* [Information supplied]:
++++++

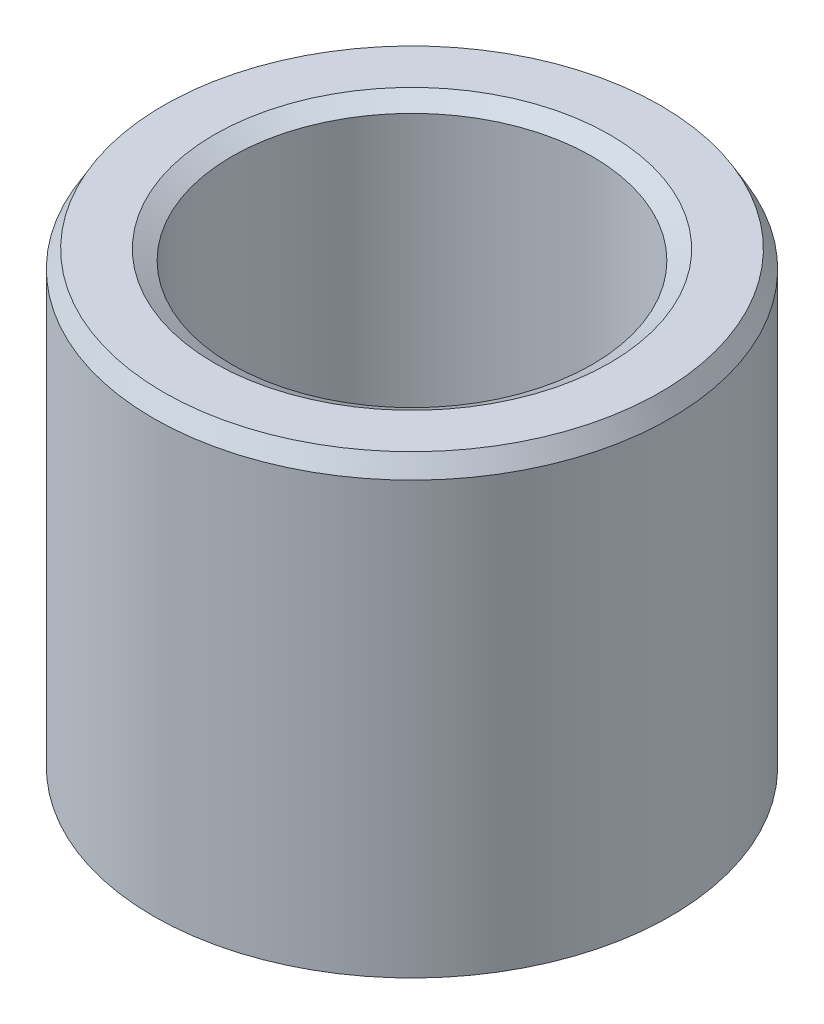
ISO-10303-21;
HEADER;
FILE_DESCRIPTION(('STEP AP214'),'2;1');
FILE_NAME('part.step','',(''),(''),'','','');
FILE_SCHEMA(('AUTOMOTIVE_DESIGN { 1 0 10303 214 1 1 1 1 }'));
ENDSEC;
DATA;
#1=APPLICATION_CONTEXT('core data for automotive mechanical design processes');
#2=APPLICATION_PROTOCOL_DEFINITION('international standard','automotive_design',2000,#1);
#3=PRODUCT_CONTEXT('',#1,'mechanical');
#4=PRODUCT('Part','Part','',(#3));
#5=PRODUCT_RELATED_PRODUCT_CATEGORY('part','',(#4));
#6=PRODUCT_DEFINITION_FORMATION('','',#4);
#7=PRODUCT_DEFINITION_CONTEXT('part definition',#1,'design');
#8=PRODUCT_DEFINITION('design','',#6,#7);
#9=PRODUCT_DEFINITION_SHAPE('','',#8);
#10=(LENGTH_UNIT() NAMED_UNIT(*) SI_UNIT(.MILLI.,.METRE.));
#11=(NAMED_UNIT(*) PLANE_ANGLE_UNIT() SI_UNIT($,.RADIAN.));
#12=(NAMED_UNIT(*) SI_UNIT($,.STERADIAN.) SOLID_ANGLE_UNIT());
#13=UNCERTAINTY_MEASURE_WITH_UNIT(LENGTH_MEASURE(1.E-05),#10,'distance_accuracy_value','');
#14=(GEOMETRIC_REPRESENTATION_CONTEXT(3) GLOBAL_UNCERTAINTY_ASSIGNED_CONTEXT((#13)) GLOBAL_UNIT_ASSIGNED_CONTEXT((#10,
#11,#12)) REPRESENTATION_CONTEXT('',''));
#15=CARTESIAN_POINT('',(0.,0.,0.));
#16=DIRECTION('',(0.,0.,1.));
#17=DIRECTION('',(1.,0.,0.));
#18=AXIS2_PLACEMENT_3D('',#15,#16,#17);
#19=CARTESIAN_POINT('',(0.,75.4030984293834,0.));
#20=DIRECTION('',(0.,-1.,0.));
#21=DIRECTION('',(0.,0.,-1.));
#22=AXIS2_PLACEMENT_3D('',#19,#20,#21);
#23=CYLINDRICAL_SURFACE('',#22,42.5);
#24=CARTESIAN_POINT('',(0.,1.66126296134479,0.));
#25=DIRECTION('',(0.,1.,0.));
#26=DIRECTION('',(0.,0.,1.));
#27=AXIS2_PLACEMENT_3D('',#24,#25,#26);
#28=CIRCLE('',#27,42.5);
#29=CARTESIAN_POINT('',(0.,1.66126296134478,-42.5));
#30=VERTEX_POINT('',#29);
#31=EDGE_CURVE('E10',#30,#30,#28,.T.);
#32=CARTESIAN_POINT('',(0.,72.5257065756022,0.));
#33=DIRECTION('',(0.,1.,0.));
#34=DIRECTION('',(0.,0.,1.));
#35=AXIS2_PLACEMENT_3D('',#32,#33,#34);
#36=CIRCLE('',#35,42.5);
#37=CARTESIAN_POINT('',(0.,72.5257065756022,-42.5));
#38=VERTEX_POINT('',#37);
#39=EDGE_CURVE('E50',#38,#38,#36,.F.);
#40=CARTESIAN_POINT('',(0.,1.66126296134478,-42.5));
#41=CARTESIAN_POINT('',(0.,2.3994342489933,-42.5));
#42=CARTESIAN_POINT('',(0.,3.13760553664181,-42.5));
#43=CARTESIAN_POINT('',(0.,4.61394811193884,-42.5));
#44=CARTESIAN_POINT('',(0.,5.35211939958735,-42.5));
#45=CARTESIAN_POINT('',(0.,6.82846197488438,-42.5));
#46=CARTESIAN_POINT('',(0.,7.5666332625329,-42.5));
#47=CARTESIAN_POINT('',(0.,9.04297583782992,-42.5));
#48=CARTESIAN_POINT('',(0.,9.78114712547844,-42.5));
#49=CARTESIAN_POINT('',(0.,11.2574897007755,-42.5));
#50=CARTESIAN_POINT('',(0.,11.995660988424,-42.5));
#51=CARTESIAN_POINT('',(0.,13.472003563721,-42.5));
#52=CARTESIAN_POINT('',(0.,14.2101748513695,-42.5));
#53=CARTESIAN_POINT('',(0.,15.6865174266666,-42.5));
#54=CARTESIAN_POINT('',(0.,16.4246887143151,-42.5));
#55=CARTESIAN_POINT('',(0.,17.9010312896121,-42.5));
#56=CARTESIAN_POINT('',(0.,18.6392025772606,-42.5));
#57=CARTESIAN_POINT('',(0.,20.1155451525576,-42.5));
#58=CARTESIAN_POINT('',(0.,20.8537164402062,-42.5));
#59=CARTESIAN_POINT('',(0.,22.3300590155032,-42.5));
#60=CARTESIAN_POINT('',(0.,23.0682303031517,-42.5));
#61=CARTESIAN_POINT('',(0.,24.5445728784487,-42.5));
#62=CARTESIAN_POINT('',(0.,25.2827441660972,-42.5));
#63=CARTESIAN_POINT('',(0.,26.7590867413943,-42.5));
#64=CARTESIAN_POINT('',(0.,27.4972580290428,-42.5));
#65=CARTESIAN_POINT('',(0.,28.9736006043398,-42.5));
#66=CARTESIAN_POINT('',(0.,29.7117718919883,-42.5));
#67=CARTESIAN_POINT('',(0.,31.1881144672854,-42.5));
#68=CARTESIAN_POINT('',(0.,31.9262857549339,-42.5));
#69=CARTESIAN_POINT('',(0.,33.4026283302309,-42.5));
#70=CARTESIAN_POINT('',(0.,34.1407996178794,-42.5));
#71=CARTESIAN_POINT('',(0.,35.6171421931764,-42.5));
#72=CARTESIAN_POINT('',(0.,36.355313480825,-42.5));
#73=CARTESIAN_POINT('',(0.,37.831656056122,-42.5));
#74=CARTESIAN_POINT('',(0.,38.5698273437705,-42.5));
#75=CARTESIAN_POINT('',(0.,40.0461699190675,-42.5));
#76=CARTESIAN_POINT('',(0.,40.7843412067161,-42.5));
#77=CARTESIAN_POINT('',(0.,42.2606837820131,-42.5));
#78=CARTESIAN_POINT('',(0.,42.9988550696616,-42.5));
#79=CARTESIAN_POINT('',(0.,44.4751976449586,-42.5));
#80=CARTESIAN_POINT('',(0.,45.2133689326071,-42.5));
#81=CARTESIAN_POINT('',(0.,46.6897115079042,-42.5));
#82=CARTESIAN_POINT('',(0.,47.4278827955527,-42.5));
#83=CARTESIAN_POINT('',(0.,48.9042253708497,-42.5));
#84=CARTESIAN_POINT('',(0.,49.6423966584982,-42.5));
#85=CARTESIAN_POINT('',(0.,51.1187392337953,-42.5));
#86=CARTESIAN_POINT('',(0.,51.8569105214438,-42.5));
#87=CARTESIAN_POINT('',(0.,53.3332530967408,-42.5));
#88=CARTESIAN_POINT('',(0.,54.0714243843893,-42.5));
#89=CARTESIAN_POINT('',(0.,55.5477669596863,-42.5));
#90=CARTESIAN_POINT('',(0.,56.2859382473349,-42.5));
#91=CARTESIAN_POINT('',(0.,57.7622808226319,-42.5));
#92=CARTESIAN_POINT('',(0.,58.5004521102804,-42.5));
#93=CARTESIAN_POINT('',(0.,59.9767946855774,-42.5));
#94=CARTESIAN_POINT('',(0.,60.7149659732259,-42.5));
#95=CARTESIAN_POINT('',(0.,62.191308548523,-42.5));
#96=CARTESIAN_POINT('',(0.,62.9294798361715,-42.5));
#97=CARTESIAN_POINT('',(0.,64.4058224114685,-42.5));
#98=CARTESIAN_POINT('',(0.,65.143993699117,-42.5));
#99=CARTESIAN_POINT('',(0.,66.6203362744141,-42.5));
#100=CARTESIAN_POINT('',(0.,67.3585075620626,-42.5));
#101=CARTESIAN_POINT('',(0.,68.8348501373596,-42.5));
#102=CARTESIAN_POINT('',(0.,69.5730214250081,-42.5));
#103=CARTESIAN_POINT('',(0.,71.0493640003051,-42.5));
#104=CARTESIAN_POINT('',(0.,71.7875352879537,-42.5));
#105=CARTESIAN_POINT('',(0.,72.5257065756022,-42.5));
#106=B_SPLINE_CURVE_WITH_KNOTS('',3,(#40,#41,#42,#43,#44,#45,#46,#47,#48,#49,#50,#51,#52,#53,
#54,#55,#56,#57,#58,#59,#60,#61,#62,#63,#64,#65,#66,#67,#68,#69,#70,#71,#72,#73,#74,#75,#76,#77,
#78,#79,#80,#81,#82,#83,#84,#85,#86,#87,#88,#89,#90,#91,#92,#93,#94,#95,#96,#97,#98,#99,#100,
#101,#102,#103,#104,#105),.UNSPECIFIED.,.F.,.F.,(4,2,2,2,2,2,2,2,2,2,2,2,2,2,2,2,2,2,2,2,2,2,2,
2,2,2,2,2,2,2,2,2,4),(0.,2.21451386294555,4.42902772589109,6.64354158883664,8.85805545178217,
11.0725693147277,13.2870831776733,15.5015970406188,17.7161109035643,19.9306247665099,
22.1451386294554,24.359652492401,26.5741663553465,28.7886802182921,31.0031940812376,
33.2177079441832,35.4322218071287,37.6467356700742,39.8612495330198,42.0757633959653,
44.2902772589109,46.5047911218564,48.719304984802,50.9338188477475,53.1483327106931,
55.3628465736386,57.5773604365841,59.7918742995297,62.0063881624752,64.2209020254208,
66.4354158883663,68.6499297513119,70.8644436142574),.UNSPECIFIED.);
#107=EDGE_CURVE('BSEAM39',#30,#38,#106,.T.);
#108=ORIENTED_EDGE('',*,*,#31,.T.);
#109=ORIENTED_EDGE('',*,*,#39,.T.);
#110=ORIENTED_EDGE('',*,*,#107,.T.);
#111=ORIENTED_EDGE('',*,*,#107,.F.);
#112=EDGE_LOOP('',(#108,#110,#109,#111));
#113=FACE_BOUND('',#112,.T.);
#114=ADVANCED_FACE('F39',(#113),#23,.T.);
#115=CARTESIAN_POINT('',(0.,75.4030984293834,0.));
#116=DIRECTION('',(0.,1.,0.));
#117=DIRECTION('',(0.,0.,1.));
#118=AXIS2_PLACEMENT_3D('',#115,#116,#117);
#119=PLANE('',#118);
#120=CARTESIAN_POINT('',(0.,75.4030984293834,0.));
#121=DIRECTION('',(0.,1.,0.));
#122=DIRECTION('',(0.,0.,1.));
#123=AXIS2_PLACEMENT_3D('',#120,#121,#122);
#124=CIRCLE('',#123,32.5040358014817);
#125=CARTESIAN_POINT('',(0.,75.4030984293834,32.5040358014817));
#126=VERTEX_POINT('',#125);
#127=EDGE_CURVE('E58',#126,#126,#124,.F.);
#128=ORIENTED_EDGE('',*,*,#127,.T.);
#129=EDGE_LOOP('',(#128));
#130=FACE_BOUND('',#129,.T.);
#131=CARTESIAN_POINT('',(0.,75.4030984293834,0.));
#132=DIRECTION('',(0.,1.,0.));
#133=DIRECTION('',(0.,0.,1.));
#134=AXIS2_PLACEMENT_3D('',#131,#132,#133);
#135=CIRCLE('',#134,40.8387370386554);
#136=CARTESIAN_POINT('',(0.,75.4030984293834,40.8387370386554));
#137=VERTEX_POINT('',#136);
#138=EDGE_CURVE('E61',#137,#137,#135,.T.);
#139=ORIENTED_EDGE('',*,*,#138,.T.);
#140=EDGE_LOOP('',(#139));
#141=FACE_BOUND('',#140,.T.);
#142=ADVANCED_FACE('F88',(#130,#141),#119,.T.);
#143=CARTESIAN_POINT('',(0.,0.,0.));
#144=DIRECTION('',(0.,1.,0.));
#145=DIRECTION('',(0.,0.,1.));
#146=AXIS2_PLACEMENT_3D('',#143,#144,#145);
#147=PLANE('',#146);
#148=CARTESIAN_POINT('',(0.,0.,0.));
#149=DIRECTION('',(0.,1.,0.));
#150=DIRECTION('',(0.,0.,1.));
#151=AXIS2_PLACEMENT_3D('',#148,#149,#150);
#152=CIRCLE('',#151,31.287906909045);
#153=CARTESIAN_POINT('',(0.,0.,-31.287906909045));
#154=VERTEX_POINT('',#153);
#155=EDGE_CURVE('E51',#154,#154,#152,.T.);
#156=ORIENTED_EDGE('',*,*,#155,.T.);
#157=EDGE_LOOP('',(#156));
#158=FACE_BOUND('',#157,.T.);
#159=CARTESIAN_POINT('',(0.,0.,0.));
#160=DIRECTION('',(0.,1.,0.));
#161=DIRECTION('',(0.,0.,1.));
#162=AXIS2_PLACEMENT_3D('',#159,#160,#161);
#163=CIRCLE('',#162,39.6226081462185);
#164=CARTESIAN_POINT('',(0.,0.,39.6226081462185));
#165=VERTEX_POINT('',#164);
#166=EDGE_CURVE('E54',#165,#165,#163,.F.);
#167=ORIENTED_EDGE('',*,*,#166,.T.);
#168=EDGE_LOOP('',(#167));
#169=FACE_BOUND('',#168,.T.);
#170=ADVANCED_FACE('F83',(#158,#169),#147,.F.);
#171=CARTESIAN_POINT('',(0.,75.4030984293834,0.));
#172=DIRECTION('',(0.,-1.,0.));
#173=DIRECTION('',(0.,0.,-1.));
#174=AXIS2_PLACEMENT_3D('',#171,#172,#173);
#175=CYLINDRICAL_SURFACE('',#174,29.6266439477002);
#176=CARTESIAN_POINT('',(0.,73.7418354680387,0.));
#177=DIRECTION('',(0.,1.,0.));
#178=DIRECTION('',(0.,0.,1.));
#179=AXIS2_PLACEMENT_3D('',#176,#177,#178);
#180=CIRCLE('',#179,29.6266439477002);
#181=CARTESIAN_POINT('',(0.,73.7418354680387,-29.6266439477002));
#182=VERTEX_POINT('',#181);
#183=EDGE_CURVE('E67',#182,#182,#180,.T.);
#184=CARTESIAN_POINT('',(0.,2.87739185378143,0.));
#185=DIRECTION('',(0.,1.,0.));
#186=DIRECTION('',(0.,0.,1.));
#187=AXIS2_PLACEMENT_3D('',#184,#185,#186);
#188=CIRCLE('',#187,29.6266439477002);
#189=CARTESIAN_POINT('',(0.,2.87739185378141,-29.6266439477002));
#190=VERTEX_POINT('',#189);
#191=EDGE_CURVE('E69',#190,#190,#188,.F.);
#192=CARTESIAN_POINT('',(0.,73.7418354680387,-29.6266439477002));
#193=CARTESIAN_POINT('',(0.,73.0036641803902,-29.6266439477002));
#194=CARTESIAN_POINT('',(0.,72.2654928927416,-29.6266439477002));
#195=CARTESIAN_POINT('',(0.,70.7891503174446,-29.6266439477002));
#196=CARTESIAN_POINT('',(0.,70.0509790297961,-29.6266439477002));
#197=CARTESIAN_POINT('',(0.,68.5746364544991,-29.6266439477002));
#198=CARTESIAN_POINT('',(0.,67.8364651668506,-29.6266439477002));
#199=CARTESIAN_POINT('',(0.,66.3601225915535,-29.6266439477002));
#200=CARTESIAN_POINT('',(0.,65.621951303905,-29.6266439477002));
#201=CARTESIAN_POINT('',(0.,64.145608728608,-29.6266439477002));
#202=CARTESIAN_POINT('',(0.,63.4074374409595,-29.6266439477002));
#203=CARTESIAN_POINT('',(0.,61.9310948656625,-29.6266439477002));
#204=CARTESIAN_POINT('',(0.,61.192923578014,-29.6266439477002));
#205=CARTESIAN_POINT('',(0.,59.7165810027169,-29.6266439477002));
#206=CARTESIAN_POINT('',(0.,58.9784097150684,-29.6266439477002));
#207=CARTESIAN_POINT('',(0.,57.5020671397714,-29.6266439477002));
#208=CARTESIAN_POINT('',(0.,56.7638958521229,-29.6266439477002));
#209=CARTESIAN_POINT('',(0.,55.2875532768258,-29.6266439477002));
#210=CARTESIAN_POINT('',(0.,54.5493819891773,-29.6266439477002));
#211=CARTESIAN_POINT('',(0.,53.0730394138803,-29.6266439477002));
#212=CARTESIAN_POINT('',(0.,52.3348681262318,-29.6266439477002));
#213=CARTESIAN_POINT('',(0.,50.8585255509348,-29.6266439477002));
#214=CARTESIAN_POINT('',(0.,50.1203542632863,-29.6266439477002));
#215=CARTESIAN_POINT('',(0.,48.6440116879892,-29.6266439477002));
#216=CARTESIAN_POINT('',(0.,47.9058404003407,-29.6266439477002));
#217=CARTESIAN_POINT('',(0.,46.4294978250437,-29.6266439477002));
#218=CARTESIAN_POINT('',(0.,45.6913265373952,-29.6266439477002));
#219=CARTESIAN_POINT('',(0.,44.2149839620982,-29.6266439477002));
#220=CARTESIAN_POINT('',(0.,43.4768126744496,-29.6266439477002));
#221=CARTESIAN_POINT('',(0.,42.0004700991526,-29.6266439477002));
#222=CARTESIAN_POINT('',(0.,41.2622988115041,-29.6266439477002));
#223=CARTESIAN_POINT('',(0.,39.7859562362071,-29.6266439477002));
#224=CARTESIAN_POINT('',(0.,39.0477849485586,-29.6266439477002));
#225=CARTESIAN_POINT('',(0.,37.5714423732615,-29.6266439477002));
#226=CARTESIAN_POINT('',(0.,36.833271085613,-29.6266439477002));
#227=CARTESIAN_POINT('',(0.,35.356928510316,-29.6266439477002));
#228=CARTESIAN_POINT('',(0.,34.6187572226675,-29.6266439477002));
#229=CARTESIAN_POINT('',(0.,33.1424146473705,-29.6266439477002));
#230=CARTESIAN_POINT('',(0.,32.4042433597219,-29.6266439477002));
#231=CARTESIAN_POINT('',(0.,30.9279007844249,-29.6266439477002));
#232=CARTESIAN_POINT('',(0.,30.1897294967764,-29.6266439477002));
#233=CARTESIAN_POINT('',(0.,28.7133869214794,-29.6266439477002));
#234=CARTESIAN_POINT('',(0.,27.9752156338309,-29.6266439477002));
#235=CARTESIAN_POINT('',(0.,26.4988730585338,-29.6266439477002));
#236=CARTESIAN_POINT('',(0.,25.7607017708853,-29.6266439477002));
#237=CARTESIAN_POINT('',(0.,24.2843591955883,-29.6266439477002));
#238=CARTESIAN_POINT('',(0.,23.5461879079398,-29.6266439477002));
#239=CARTESIAN_POINT('',(0.,22.0698453326427,-29.6266439477002));
#240=CARTESIAN_POINT('',(0.,21.3316740449942,-29.6266439477002));
#241=CARTESIAN_POINT('',(0.,19.8553314696972,-29.6266439477002));
#242=CARTESIAN_POINT('',(0.,19.1171601820487,-29.6266439477002));
#243=CARTESIAN_POINT('',(0.,17.6408176067517,-29.6266439477002));
#244=CARTESIAN_POINT('',(0.,16.9026463191032,-29.6266439477002));
#245=CARTESIAN_POINT('',(0.,15.4263037438061,-29.6266439477002));
#246=CARTESIAN_POINT('',(0.,14.6881324561576,-29.6266439477002));
#247=CARTESIAN_POINT('',(0.,13.2117898808606,-29.6266439477002));
#248=CARTESIAN_POINT('',(0.,12.4736185932121,-29.6266439477002));
#249=CARTESIAN_POINT('',(0.,10.9972760179151,-29.6266439477002));
#250=CARTESIAN_POINT('',(0.,10.2591047302665,-29.6266439477002));
#251=CARTESIAN_POINT('',(0.,8.78276215496952,-29.6266439477002));
#252=CARTESIAN_POINT('',(0.,8.044590867321,-29.6266439477002));
#253=CARTESIAN_POINT('',(0.,6.56824829202397,-29.6266439477002));
#254=CARTESIAN_POINT('',(0.,5.83007700437545,-29.6266439477002));
#255=CARTESIAN_POINT('',(0.,4.35373442907843,-29.6266439477002));
#256=CARTESIAN_POINT('',(0.,3.61556314142992,-29.6266439477002));
#257=CARTESIAN_POINT('',(0.,2.87739185378141,-29.6266439477002));
#258=B_SPLINE_CURVE_WITH_KNOTS('',3,(#192,#193,#194,#195,#196,#197,#198,#199,#200,#201,#202,
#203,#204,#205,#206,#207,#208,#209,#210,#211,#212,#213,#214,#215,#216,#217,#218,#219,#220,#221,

++++++

With the pictures left out, restate word for word every line of the data above, from the first down to the line that contains "#33=DIRECTION('',(0.,1.,0.));".

* [Exercise solution]:
ISO-10303-21;
HEADER;
FILE_DESCRIPTION(('STEP AP214'),'2;1');
FILE_NAME('part.step','',(''),(''),'','','');
FILE_SCHEMA(('AUTOMOTIVE_DESIGN { 1 0 10303 214 1 1 1 1 }'));
ENDSEC;
DATA;
#1=APPLICATION_CONTEXT('core data for automotive mechanical design processes');
#2=APPLICATION_PROTOCOL_DEFINITION('international standard','automotive_design',2000,#1);
#3=PRODUCT_CONTEXT('',#1,'mechanical');
#4=PRODUCT('Part','Part','',(#3));
#5=PRODUCT_RELATED_PRODUCT_CATEGORY('part','',(#4));
#6=PRODUCT_DEFINITION_FORMATION('','',#4);
#7=PRODUCT_DEFINITION_CONTEXT('part definition',#1,'design');
#8=PRODUCT_DEFINITION('design','',#6,#7);
#9=PRODUCT_DEFINITION_SHAPE('','',#8);
#10=(LENGTH_UNIT() NAMED_UNIT(*) SI_UNIT(.MILLI.,.METRE.));
#11=(NAMED_UNIT(*) PLANE_ANGLE_UNIT() SI_UNIT($,.RADIAN.));
#12=(NAMED_UNIT(*) SI_UNIT($,.STERADIAN.) SOLID_ANGLE_UNIT());
#13=UNCERTAINTY_MEASURE_WITH_UNIT(LENGTH_MEASURE(1.E-05),#10,'distance_accuracy_value','');
#14=(GEOMETRIC_REPRESENTATION_CONTEXT(3) GLOBAL_UNCERTAINTY_ASSIGNED_CONTEXT((#13)) GLOBAL_UNIT_ASSIGNED_CONTEXT((#10,
#11,#12)) REPRESENTATION_CONTEXT('',''));
#15=CARTESIAN_POINT('',(0.,0.,0.));
#16=DIRECTION('',(0.,0.,1.));
#17=DIRECTION('',(1.,0.,0.));
#18=AXIS2_PLACEMENT_3D('',#15,#16,#17);
#19=CARTESIAN_POINT('',(0.,75.4030984293834,0.));
#20=DIRECTION('',(0.,-1.,0.));
#21=DIRECTION('',(0.,0.,-1.));
#22=AXIS2_PLACEMENT_3D('',#19,#20,#21);
#23=CYLINDRICAL_SURFACE('',#22,42.5);
#24=CARTESIAN_POINT('',(0.,1.66126296134479,0.));
#25=DIRECTION('',(0.,1.,0.));
#26=DIRECTION('',(0.,0.,1.));
#27=AXIS2_PLACEMENT_3D('',#24,#25,#26);
#28=CIRCLE('',#27,42.5);
#29=CARTESIAN_POINT('',(0.,1.66126296134478,-42.5));
#30=VERTEX_POINT('',#29);
#31=EDGE_CURVE('E10',#30,#30,#28,.T.);
#32=CARTESIAN_POINT('',(0.,72.5257065756022,0.));
#33=DIRECTION('',(0.,1.,0.));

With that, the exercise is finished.